I count myself very fortunate in all this. The Professor and our kids are absolute treasures, we live in a place that is close to paradise, we have the best healthcare available and a super-supportive community surrounding us. When we first came to Pasadena, I honestly thought that if someone couldn't be happy here in the suburbs of LA, they couldn't be happy anywhere.
It would seem that those with Narcolepsy, and those caring for loved ones with the condition, are exposed to a level of exhaustion that can threaten our perspective on life. And, if as a parent who only has to be up medicating their child with Narcolepsy every other night, one cannot help but consider how much harder it is for our children who do not recall what restorative sleep feels like?
Whenever we see Mathilda's Sleep doctor, he reminds me that because she was so young when she developed Narcolepsy, she doesn't remember what it's like to not have it—not to ever feel truly rested.
I imagine that it's not entirely unlike like being born blind.
If you've never seen green grass, you don't really know what you are missing. After all, how does one describe the deep riches and various tones of the color green, or explain the movement of color in a pool of water?
How do I explain to Mathilda (age 10) that her severe levels of exhaustion are not understood by her peers or that she will have to do a good job at explaining the nature of hypnogogic hallucinations to her partner?
Sad as this is, not knowing what a normal night of sleep is like might just be helpful as she enters the challenges of the teen years. I suppose (to some extent) what you don't know, you don't miss. As a parent of such a child, and 8 months into being on medication for insomnia and depression, keeping up a little exercise here and there and spending time reflecting on all the genuinely positive things is helping to reset the equilibrium. Plus the Professor has taken the lions share of the night shifts and with a bit more rest, my world is turning on a more even axis.
It' never easy to own up to doubts and feelings of despair. Yet there is truly a privilege in being a carer, purpose in the long nights as we search for sleep either side of dosing Mathilda, and a genuine hope with each new morning.

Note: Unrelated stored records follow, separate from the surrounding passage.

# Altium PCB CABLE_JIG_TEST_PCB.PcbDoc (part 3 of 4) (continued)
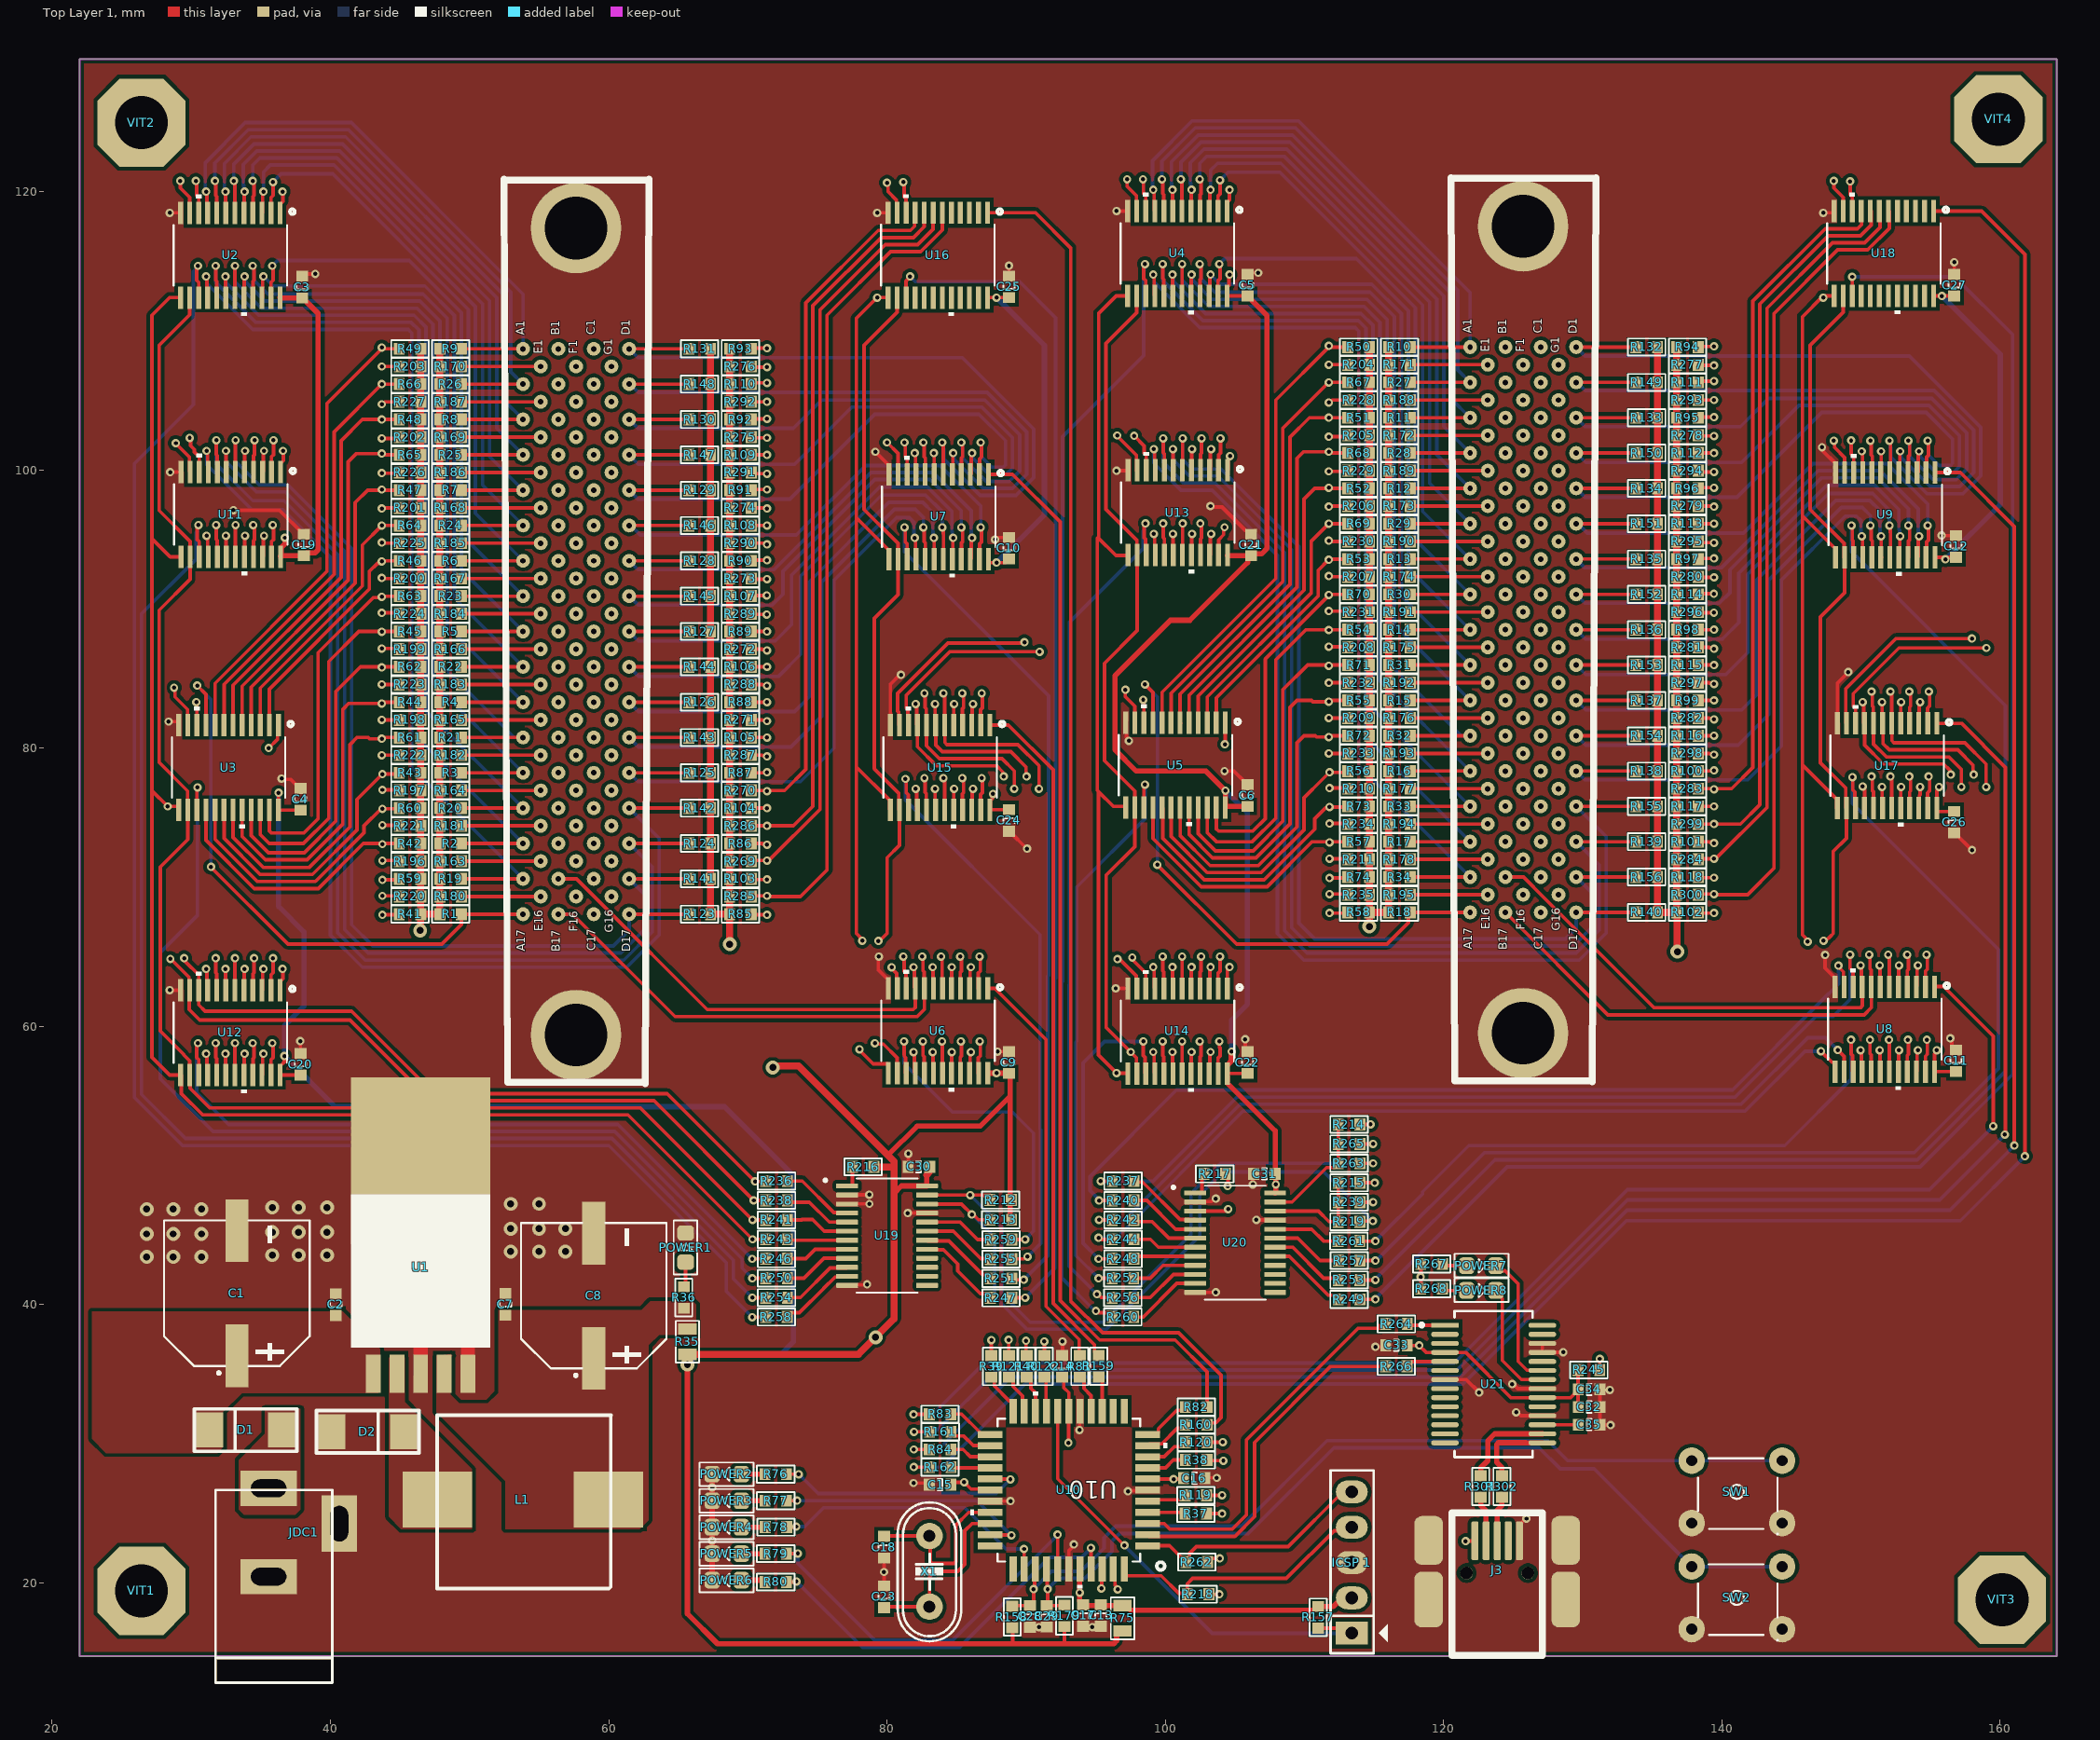
[diagram p0: Top Layer 1 view]
## Nets (pads, with @x,y where several pads share a name; then routed paths per layer and width w, separated by ;. In a path a pad name is that pad's centre, name@x,y a point inside that pad or via, vN(x,y) a via of type N, cw(c..) or ccw(c..) an arc to the next point about the centre after c; other vN are vias at no path point) (continued)
B3Y3: J2.C2 R111.1 U8.6 | length 77.8
  Top Layer 1 w0.254: R111.1@138.316,106.299 138.408,106.391 v1(139.446,106.391) ; v1(151.967,65.151) 151.967,65.057 152.044,64.98 U8.6@152.044,62.865
  Top Layer w0.254: J2.C2@127,106.3 128.247,106.3 129.128,107.181 129.905,107.181 130.695,106.391 v1(139.446,106.391) 139.508,106.329 140.178,106.329 147.828,98.679 147.828,76.752 158.623,65.957 158.623,62.821 157.397,61.595 154.421,61.595 152.059,63.957 152.059,64.656 152.033,64.682 152.033,65.084 v1(151.967,65.151)
B3Y4: J2.C3 R95.1 U8.5 | length 72.6
  Top Layer 1 w0.254: R95.1@138.316,103.759 138.362,103.805 v1(139.446,103.805) ; U8.5@152.694,62.865 152.717,62.888 152.717,64.366 v1(152.74,64.389)
  Top Layer w0.254: J2.C3@127,103.76 128.294,103.76 129.175,104.641 130.182,104.641 131.064,103.759 139.4,103.759 v1(139.446,103.805) 139.492,103.759 141.69,103.759 147.32,98.129 147.32,76.541 158.115,65.746 158.115,63.032 157.186,62.103 154.631,62.103 152.806,63.928 152.806,64.322 v1(152.74,64.389)
B3Y5: J2.C4 R112.1 U8.4 | length 69.4
  Top Layer 1 w0.254: R112.1@138.316,101.219 v1(139.446,101.219) ; v1(153.329,65.151) 153.329,65.057 153.421,64.965 153.421,64.107 153.344,64.03 U8.4@153.344,62.865
  Top Layer w0.254: J2.C4@127,101.22 128.294,101.22 129.175,102.101 130.182,102.101 131.064,101.219 v1(139.446,101.219) 139.512,101.153 139.707,101.153 139.768,101.092 141.441,101.092 146.812,95.721 146.812,76.331 157.607,65.536 157.607,63.242 156.976,62.611 154.842,62.611 153.421,64.032 153.421,64.671 153.395,64.697 153.395,65.084 v1(153.329,65.151)
B3Y6: J2.C5 R96.1 U8.3 | length 63.4
  Top Layer 1 w0.254: R96.1@138.316,98.679 138.362,98.725 v1(139.446,98.725) ; U8.3@153.994,62.865 154.044,62.915 154.044,64.331 v1(154.102,64.389)
  Top Layer w0.254: J2.C5@127,98.68 128.294,98.68 129.175,99.561 130.182,99.561 131.064,98.679 139.4,98.679 v1(139.446,98.725) 141.222,98.725 146.304,93.643 146.304,76.073 157.099,65.278 157.099,63.453 156.765,63.119 155.052,63.119 154.168,64.003 154.168,64.322 v1(154.102,64.389)
B3Y7: J2.C6 R113.1 U8.2 | length 60.8
  Top Layer 1 w0.254: R113.1@138.316,96.139 v1(139.446,96.139) ; U8.2@154.644,62.865 154.644,63.968 154.783,64.107 154.783,65.094 v1(154.726,65.151)
  Top Layer w0.254: J2.C6@127,96.14 128.294,96.14 129.175,97.021 130.182,97.021 131.064,96.139 v1(139.446,96.139) 142.091,96.139 145.796,92.434 145.796,75.819 156.591,65.024 156.591,63.776 156.442,63.627 155.262,63.627 154.783,64.106 154.783,65.094 v1(154.726,65.151)
B3Y8: J2.C7 R97.1 U8.23 | length 61.1
  Top Layer 1 w0.254: R97.1@138.316,93.599 138.362,93.645 v1(139.446,93.645) ; U8.23@154.644,56.765 154.644,57.868 154.783,58.007 154.783,59.016 v1(154.748,59.051)
  Top Layer w0.254: J2.C7@127,93.6 128.247,93.6 129.128,94.481 129.905,94.481 130.787,93.599 139.4,93.599 v1(139.446,93.645) 141.305,93.645 145.288,89.662 145.288,65.278 147.066,63.5 151.079,63.5 154.748,59.831 v1(154.748,59.051)
B3Y9: J2.C8 R114.1 U8.22 | length 58.5
  Top Layer 1 w0.254: R114.1@138.316,91.059 138.362,91.105 v1(139.439,91.105) ; U8.22@153.994,56.765 154.044,56.815 154.044,58.231 v1(154.102,58.289)
  Top Layer w0.254: J2.C8@127,91.06 128.294,91.06 128.659,91.425 129.175,91.941 130.182,91.941 131.064,91.059 139.393,91.059 v1(139.439,91.105) 141.686,91.105 144.78,88.011 144.78,66.04 144.78,65.068 146.856,62.992 147.828,62.992 150.869,62.992 154.067,59.794 154.067,58.324 v1(154.102,58.289)
B3Y10: J2.C9 R98.1 U8.21 | length 55.6
  Top Layer 1 w0.254: R98.1@138.316,88.519 138.836,88.519 v1(139.446,88.519) ; U8.21@153.344,56.765 153.344,57.93 153.421,58.007 153.421,59.016 v1(153.386,59.051)
  Top Layer w0.254: J2.C9@127,88.52 128.294,88.52 128.659,88.885 129.175,89.401 130.182,89.401 131.064,88.519 v1(139.446,88.519) 141.732,88.519 144.272,85.979 144.272,65.83 144.272,64.857 146.645,62.484 147.618,62.484 150.658,62.484 153.386,59.756 v1(153.386,59.051)
B3Y11: J2.C10 R115.1 U8.20 | length 52.4
  Top Layer 1 w0.254: R115.1@138.316,85.979 138.836,85.979 v1(139.446,85.979) ; U8.20@152.694,56.765 152.717,56.788 152.717,58.266 v1(152.74,58.289)
  Top Layer w0.254: J2.C10@127,85.98 128.294,85.98 129.175,86.861 130.182,86.861 131.064,85.979 v1(139.446,85.979) 141.224,85.979 143.764,83.439 143.764,65.405 143.764,64.647 146.435,61.976 147.193,61.976 150.448,61.976 152.705,59.719 152.705,58.324 v1(152.74,58.289)
B3Y12: J2.C11 R99.1 U8.19 | length 49.2
  Top Layer 1 w0.254: R99.1@138.316,83.439 138.836,83.439 v1(139.446,83.439) ; v1(152.024,59.051) 152.059,59.016 U8.19@152.059,56.78
  Top Layer w0.254: J2.C11@127,83.44 128.294,83.44 129.175,84.321 130.182,84.321 131.064,83.439 v1(139.446,83.439) 140.589,83.439 143.256,80.772 143.256,65.195 143.256,64.436 146.224,61.468 146.983,61.468 150.237,61.468 151.973,59.732 151.973,59.101 v1(152.024,59.051)
B3Y13: J2.C12 R116.1 U8.18 | length 46.8
  Top Layer 1 w0.254: R116.1@138.316,80.899 138.836,80.899 v1(139.446,80.899) ; v1(151.363,58.289) 151.379,58.273 151.379,56.78 U8.18@151.394,56.765
  Top Layer w0.254: J2.C12@127,80.9 128.294,80.9 129.175,81.781 130.182,81.781 131.064,80.899 v1(139.446,80.899) 141.329,80.899 142.748,79.48 142.748,64.897 142.748,64.226 146.014,60.96 146.685,60.96 150.027,60.96 151.343,59.644 151.343,58.309 v1(151.363,58.289)
B3Y14: J2.C13 R100.1 U8.17 | length 43.7
  Top Layer 1 w0.254: R100.1@138.316,78.359 138.836,78.359 139.4,78.359 v1(139.446,78.405) ; v1(150.662,59.051) 150.662,58.027 150.744,57.945 U8.17@150.744,56.765
  Top Layer w0.254: J2.C13@127,78.36 128.247,78.36 129.128,79.241 130.182,79.241 131.064,78.359 139.4,78.359 v1(139.446,78.405) 140.543,78.405 142.24,76.708 142.24,64.687 142.24,64.015 145.803,60.452 146.475,60.452 149.816,60.452 150.596,59.673 150.596,59.117 v1(150.662,59.051)
B3Y15: J2.C14 R117.1 U8.16 | length 41.1
  Top Layer 1 w0.254: R117.1@138.316,75.819 138.836,75.819 v1(139.446,75.819) ; v1(149.981,58.289) 150.044,58.226 150.044,56.815 U8.16@150.094,56.765
  Top Layer w0.254: J2.C14@127,75.82 128.294,75.82 129.175,76.701 130.182,76.701 131.064,75.819 v1(139.446,75.819) 141.097,75.819 141.732,75.184 141.732,64.262 141.732,63.805 145.593,59.944 146.05,59.944 149.606,59.944 149.981,59.569 v1(149.981,58.289)
B4_ENABLE: R253.2 U9.15 | length 98.8
  Top Layer 1 w0.254: R253.2@113.991,41.777 v1(115.108,41.777) ; v1(149.33,96.008) 149.387,95.951 149.387,94.964 149.444,94.907 149.444,93.77 U9.15@149.49,93.724
  Bottom Layer 1 w0.254: v1(115.108,41.777) 115.108,41.829 123.698,50.419 154.051,50.419 160.401,56.769 160.401,83.058 149.33,94.129 v1(149.33,96.008)
B4_Z_MCU: R84.1 U10.25 | length 3
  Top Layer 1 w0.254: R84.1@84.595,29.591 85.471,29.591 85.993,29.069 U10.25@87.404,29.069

And for the 3 million people with Narcolepsy worldwide I have gained an insider’s view of the reasons why they often feel blue, although I recognize my sleep deprivation is nothing compared to what PWN experience. Yet I am able to relate better to those who are afflicted with depression, and understand the tension that comes with being a parent/carer who doesn't have all the answers and doesn't always feel triumphant.
With grateful thanks to the Professor, my sweet children, the Jenny's and Ali's of this world, our community of friends at Knox Pres and Dr Elios.